I keep location services disabled for nearly all my apps in iOS, and the only effect is that an app will request one-time access when it actually needs it (if I allow it to ask in per-app settings) such as the Starbucks app asking for location so I can select a pickup store.
You further reduce data exposure by leaving connected-app integrations disabled and not using features like “Gemini in Chrome,” which tend to funnel browsing information into the service.
With business/enterprise/government Gemini accounts (eg Google Workspace) conversations remain within the organization and data is not used for external model-training by google... but retention and deletion follow the organization’s administrative policies.
Most competing large-language-model services like ChatGPT and Claude have data-privacy provisions that are broadly similar to those of Gemini in that they collect user inputs, metadata, and (depending on settings) may use user data for model training, with opt-outs in (occasionally obscure) settings.
I keep location services disabled for nearly all my apps in iOS, and the only effect is that an app will request one-time access when it actually needs it (if I allow it to ask in per-app settings) such as the Starbucks app asking for location so I can select a pickup store.
You further reduce data exposure by leaving connected-app integrations disabled and not using features like “Gemini in Chrome,” which tend to funnel browsing information into the service.

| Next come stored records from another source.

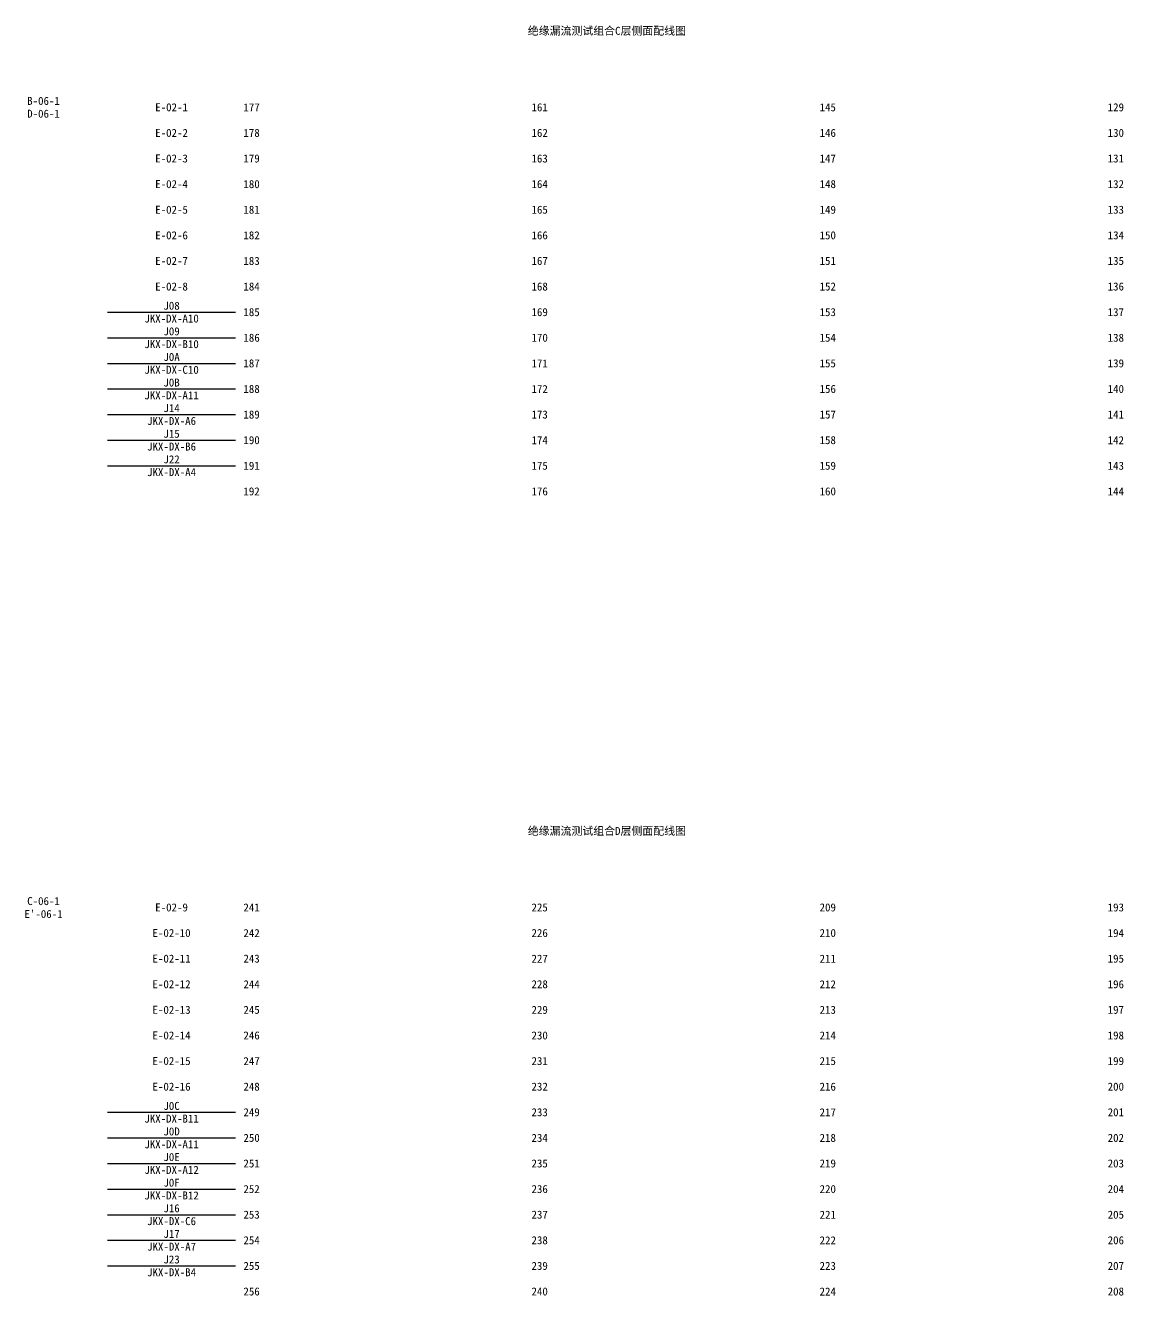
# Model space of a CAD drawing. Header units: millimetres. Extents: x 760 to 2014, y -130 to 4186.
# Drawn here: x 1602.3 to 1945.4, y 2788.7 to 3185.6 of the extents above; entities that cross this region are included whole.
import ezdxf
from ezdxf.enums import TextEntityAlignment as Align

# ---------------------------------------------------------------- set-up
doc = ezdxf.new("R2010")
doc.units = ezdxf.units.MM
doc.styles.get("Standard").update_dxf_attribs({"font": ''})
doc.styles.get('Standard').set_extended_font_data('SimSun')

# ---------------------------------------------------------------- blocks, each defined once
blk = doc.blocks.new('接口架—C层—配线端子')
for p, q in [((88, 76), (128, 76)), ((88, 68), (128, 68)), ((88, 60), (128, 60)), ((88, 52), (128, 52)), ((88, 44), (128, 44)), ((88, 36), (128, 36)), ((88, 28), (128, 28))]:
    blk.add_line(p, q)
for s, p in [('绝缘漏流测试组合C层侧面配线图', (244, 164)), ('B-06-1', (68, 142)), ('D-06-1', (68, 138)), ('E-02-1', (108, 140)), ('177', (133, 140)), ('161', (223, 140)), ('145', (313, 140)), ('129', (403, 140)), ('E-02-2', (108, 132)), ('178', (133, 132)), ('162', (223, 132)), ('146', (313, 132)), ('130', (403, 132)), ('E-02-3', (108, 124)), ('179', (133, 124)), ('163', (223, 124)), ('147', (313, 124)), ('131', (403, 124)), ('E-02-4', (108, 116)), ('180', (133, 116)), ('164', (223, 116)), ('148', (313, 116)), ('132', (403, 116)), ('E-02-5', (108, 108)), ('181', (133, 108)), ('165', (223, 108)), ('149', (313, 108)), ('133', (403, 108)), ('E-02-6', (108, 100)), ('182', (133, 100)), ('166', (223, 100)), ('150', (313, 100)), ('134', (403, 100)), ('E-02-7', (108, 92)), ('183', (133, 92)), ('167', (223, 92)), ('151', (313, 92)), ('135', (403, 92)), ('E-02-8', (108, 84)), ('184', (133, 84)), ('168', (223, 84)), ('152', (313, 84)), ('136', (403, 84)), ('J08', (108, 78)), ('185', (133, 76)), ('169', (223, 76)), ('153', (313, 76)), ('137', (403, 76)), ('J09', (108, 70)), ('186', (133, 68)), ('170', (223, 68)), ('154', (313, 68)), ('138', (403, 68)), ('J0A', (108, 62)), ('187', (133, 60)), ('171', (223, 60)), ('155', (313, 60)), ('139', (403, 60)), ('J0B', (108, 54)), ('188', (133, 52)), ('172', (223, 52)), ('156', (313, 52)), ('140', (403, 52)), ('J14', (108, 46)), ('189', (133, 44)), ('173', (223, 44)), ('157', (313, 44)), ('141', (403, 44)), ('J15', (108, 38)), ('190', (133, 36)), ('174', (223, 36)), ('158', (313, 36)), ('142', (403, 36)), ('J22', (108, 30)), ('191', (133, 28)), ('175', (223, 28)), ('159', (313, 28)), ('143', (403, 28)), ('192', (133, 20)), ('176', (223, 20)), ('160', (313, 20)), ('144', (403, 20))]:
    blk.add_text(s, height=2.5).set_placement(p, align=Align.MIDDLE)
at = {"color": 6}
for s, p in [('JKX-DX-A10', (108, 74)), ('JKX-DX-B10', (108, 66)), ('JKX-DX-C10', (108, 58)), ('JKX-DX-A11', (108, 50)), ('JKX-DX-A6', (108, 42)), ('JKX-DX-B6', (108, 34)), ('JKX-DX-A4', (108, 26))]:
    blk.add_text(s, height=2.5, dxfattribs=at).set_placement(p, align=Align.MIDDLE)
blk = doc.blocks.new('接口架—D层—配线端子')
for p, q in [((88, 76), (128, 76)), ((88, 68), (128, 68)), ((88, 60), (128, 60)), ((88, 52), (128, 52)), ((88, 44), (128, 44)), ((88, 36), (128, 36)), ((88, 28), (128, 28))]:
    blk.add_line(p, q)
for s, p in [('绝缘漏流测试组合D层侧面配线图', (244, 164)), ('C-06-1', (68, 142)), ("E'-06-1", (68, 138)), ('E-02-9', (108, 140)), ('241', (133, 140)), ('225', (223, 140)), ('209', (313, 140)), ('193', (403, 140)), ('E-02-10', (108, 132)), ('242', (133, 132)), ('226', (223, 132)), ('210', (313, 132)), ('194', (403, 132)), ('E-02-11', (108, 124)), ('243', (133, 124)), ('227', (223, 124)), ('211', (313, 124)), ('195', (403, 124)), ('E-02-12', (108, 116)), ('244', (133, 116)), ('228', (223, 116)), ('212', (313, 116)), ('196', (403, 116)), ('E-02-13', (108, 108)), ('245', (133, 108)), ('229', (223, 108)), ('213', (313, 108)), ('197', (403, 108)), ('E-02-14', (108, 100)), ('246', (133, 100)), ('230', (223, 100)), ('214', (313, 100)), ('198', (403, 100)), ('E-02-15', (108, 92)), ('247', (133, 92)), ('231', (223, 92)), ('215', (313, 92)), ('199', (403, 92)), ('E-02-16', (108, 84)), ('248', (133, 84)), ('232', (223, 84)), ('216', (313, 84)), ('200', (403, 84)), ('J0C', (108, 78)), ('249', (133, 76)), ('233', (223, 76)), ('217', (313, 76)), ('201', (403, 76)), ('J0D', (108, 70)), ('250', (133, 68)), ('234', (223, 68)), ('218', (313, 68)), ('202', (403, 68)), ('J0E', (108, 62)), ('251', (133, 60)), ('235', (223, 60)), ('219', (313, 60)), ('203', (403, 60)), ('J0F', (108, 54)), ('252', (133, 52)), ('236', (223, 52)), ('220', (313, 52)), ('204', (403, 52)), ('J16', (108, 46)), ('253', (133, 44)), ('237', (223, 44)), ('221', (313, 44)), ('205', (403, 44)), ('J17', (108, 38)), ('254', (133, 36)), ('238', (223, 36)), ('222', (313, 36)), ('206', (403, 36)), ('J23', (108, 30)), ('255', (133, 28)), ('239', (223, 28)), ('223', (313, 28)), ('207', (403, 28)), ('256', (133, 20)), ('240', (223, 20)), ('224', (313, 20)), ('208', (403, 20))]:
    blk.add_text(s, height=2.5).set_placement(p, align=Align.MIDDLE)
at = {"color": 6}
for s, p in [('JKX-DX-B11', (108, 74)), ('JKX-DX-A11', (108, 66)), ('JKX-DX-A12', (108, 58)), ('JKX-DX-B12', (108, 50)), ('JKX-DX-C6', (108, 42)), ('JKX-DX-A7', (108, 34)), ('JKX-DX-B4', (108, 26))]:
    blk.add_text(s, height=2.5, dxfattribs=at).set_placement(p, align=Align.MIDDLE)

msp = doc.modelspace()

# ---------------------------------------------------------------- block references
for name, p in [('接口架—C层—配线端子', (1540, 3020)), ('接口架—D层—配线端子', (1540, 2770))]:
    msp.add_blockref(name, p)

doc.saveas('drawing.dxf')

With business/enterprise/government Gemini accounts (eg Google Workspace) conversations remain within the organization and data is not used for external model-training by google... but retention and deletion follow the organization’s administrative policies.
Most competing large-language-model services like ChatGPT and Claude have data-privacy provisions that are broadly similar to those of Gemini in that they collect user inputs, metadata, and (depending on settings) may use user data for model training, with opt-outs in (occasionally obscure) settings.